◆ **LISTED RECORDS**:
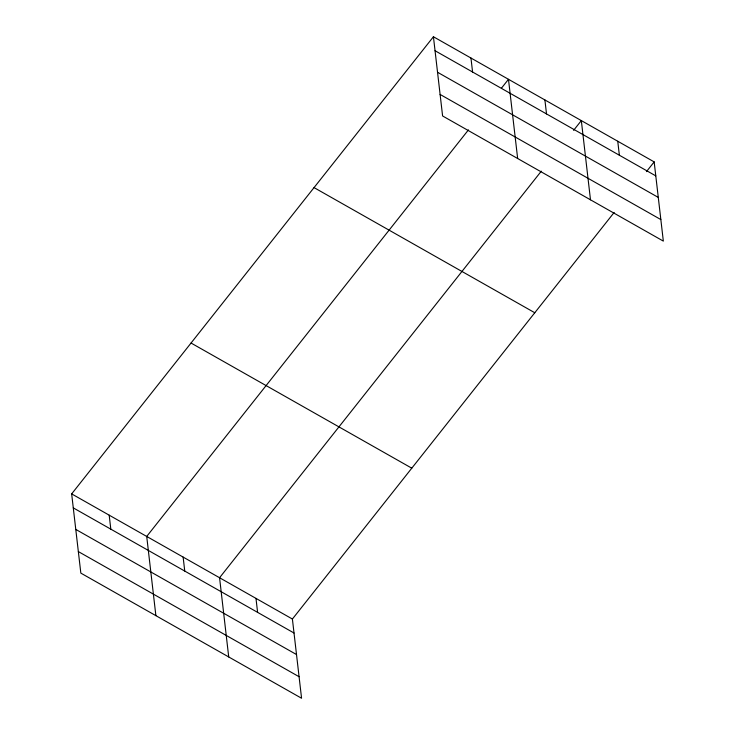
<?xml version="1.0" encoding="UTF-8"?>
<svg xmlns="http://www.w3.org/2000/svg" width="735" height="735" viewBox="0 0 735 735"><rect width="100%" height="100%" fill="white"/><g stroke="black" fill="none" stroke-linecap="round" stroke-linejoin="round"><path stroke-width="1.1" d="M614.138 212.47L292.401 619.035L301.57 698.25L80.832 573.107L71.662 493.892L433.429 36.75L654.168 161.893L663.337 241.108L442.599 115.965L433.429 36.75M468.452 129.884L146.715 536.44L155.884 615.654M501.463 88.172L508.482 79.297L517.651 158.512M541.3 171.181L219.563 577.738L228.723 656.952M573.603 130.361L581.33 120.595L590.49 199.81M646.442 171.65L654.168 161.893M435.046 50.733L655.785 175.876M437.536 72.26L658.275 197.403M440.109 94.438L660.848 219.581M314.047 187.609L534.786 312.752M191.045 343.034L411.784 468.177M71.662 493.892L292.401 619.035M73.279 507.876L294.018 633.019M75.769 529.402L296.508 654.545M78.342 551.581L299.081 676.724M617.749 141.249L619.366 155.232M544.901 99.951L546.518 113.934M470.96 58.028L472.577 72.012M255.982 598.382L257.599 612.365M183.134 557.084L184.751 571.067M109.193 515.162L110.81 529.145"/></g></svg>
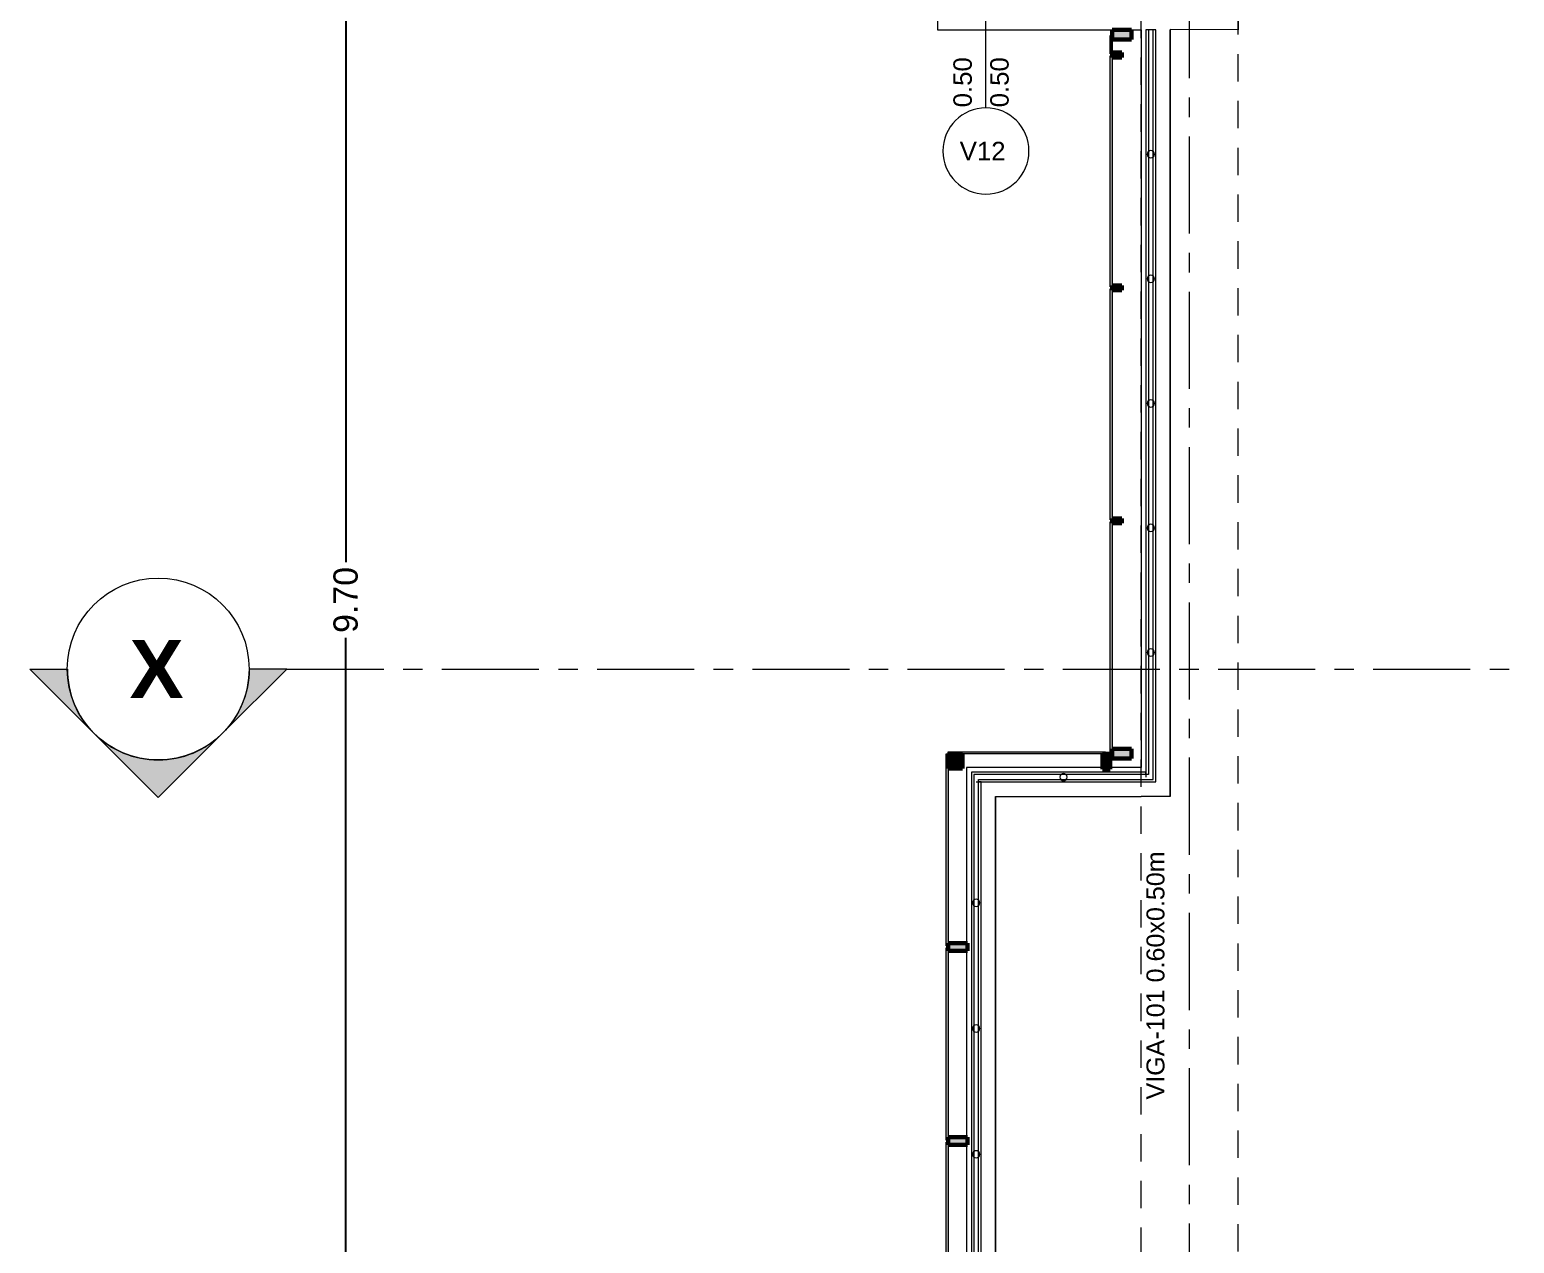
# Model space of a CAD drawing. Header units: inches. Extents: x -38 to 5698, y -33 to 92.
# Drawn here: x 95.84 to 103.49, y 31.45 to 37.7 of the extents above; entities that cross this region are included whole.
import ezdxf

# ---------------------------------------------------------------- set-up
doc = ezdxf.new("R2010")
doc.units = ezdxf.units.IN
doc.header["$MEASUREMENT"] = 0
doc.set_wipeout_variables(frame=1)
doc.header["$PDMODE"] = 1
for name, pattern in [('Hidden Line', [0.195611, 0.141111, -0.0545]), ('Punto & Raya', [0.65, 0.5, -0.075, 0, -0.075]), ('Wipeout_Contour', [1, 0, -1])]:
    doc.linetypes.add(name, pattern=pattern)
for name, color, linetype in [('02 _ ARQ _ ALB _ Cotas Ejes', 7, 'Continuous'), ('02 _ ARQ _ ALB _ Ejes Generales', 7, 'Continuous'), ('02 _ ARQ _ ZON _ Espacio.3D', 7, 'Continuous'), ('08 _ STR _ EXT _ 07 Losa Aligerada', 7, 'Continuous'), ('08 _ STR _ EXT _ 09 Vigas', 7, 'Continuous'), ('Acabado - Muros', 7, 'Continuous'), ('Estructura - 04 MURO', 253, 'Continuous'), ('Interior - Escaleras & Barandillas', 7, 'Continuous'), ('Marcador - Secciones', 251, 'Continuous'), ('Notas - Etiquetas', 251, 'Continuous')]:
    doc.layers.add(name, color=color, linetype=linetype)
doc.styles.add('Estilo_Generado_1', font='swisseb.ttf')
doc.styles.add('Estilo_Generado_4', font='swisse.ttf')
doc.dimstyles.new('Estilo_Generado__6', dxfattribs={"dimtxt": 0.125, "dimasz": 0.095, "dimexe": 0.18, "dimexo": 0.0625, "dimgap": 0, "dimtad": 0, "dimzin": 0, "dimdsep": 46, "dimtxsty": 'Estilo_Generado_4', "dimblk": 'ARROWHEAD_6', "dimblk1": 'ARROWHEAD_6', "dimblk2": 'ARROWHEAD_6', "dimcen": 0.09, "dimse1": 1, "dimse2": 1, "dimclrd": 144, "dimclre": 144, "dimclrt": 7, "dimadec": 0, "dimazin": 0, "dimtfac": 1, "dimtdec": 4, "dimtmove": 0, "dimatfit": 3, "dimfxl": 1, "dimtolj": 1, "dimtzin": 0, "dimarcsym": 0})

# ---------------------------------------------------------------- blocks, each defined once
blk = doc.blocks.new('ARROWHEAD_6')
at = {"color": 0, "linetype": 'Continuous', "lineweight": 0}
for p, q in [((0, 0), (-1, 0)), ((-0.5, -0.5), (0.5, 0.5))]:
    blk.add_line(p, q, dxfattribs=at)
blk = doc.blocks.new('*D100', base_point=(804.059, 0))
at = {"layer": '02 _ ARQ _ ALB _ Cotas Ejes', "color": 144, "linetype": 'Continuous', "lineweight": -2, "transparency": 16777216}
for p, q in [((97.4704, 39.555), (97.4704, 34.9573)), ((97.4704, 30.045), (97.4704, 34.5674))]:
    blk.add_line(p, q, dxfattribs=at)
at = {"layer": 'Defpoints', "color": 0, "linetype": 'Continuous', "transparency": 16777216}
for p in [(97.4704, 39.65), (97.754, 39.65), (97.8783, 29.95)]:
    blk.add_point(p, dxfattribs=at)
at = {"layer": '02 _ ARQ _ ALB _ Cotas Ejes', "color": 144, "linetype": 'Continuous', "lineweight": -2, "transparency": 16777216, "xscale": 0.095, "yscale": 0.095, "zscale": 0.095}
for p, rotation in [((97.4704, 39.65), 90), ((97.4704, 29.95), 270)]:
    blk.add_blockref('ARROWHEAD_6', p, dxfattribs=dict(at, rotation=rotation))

◆ **EXERCISE OBJECTIVE**: Sift the material for lines that include the word "units", and copy each one.

◆ **ANSWER BOX**:
# Model space of a CAD drawing. Header units: inches. Extents: x -38 to 5698, y -33 to 92.
doc.units = ezdxf.units.IN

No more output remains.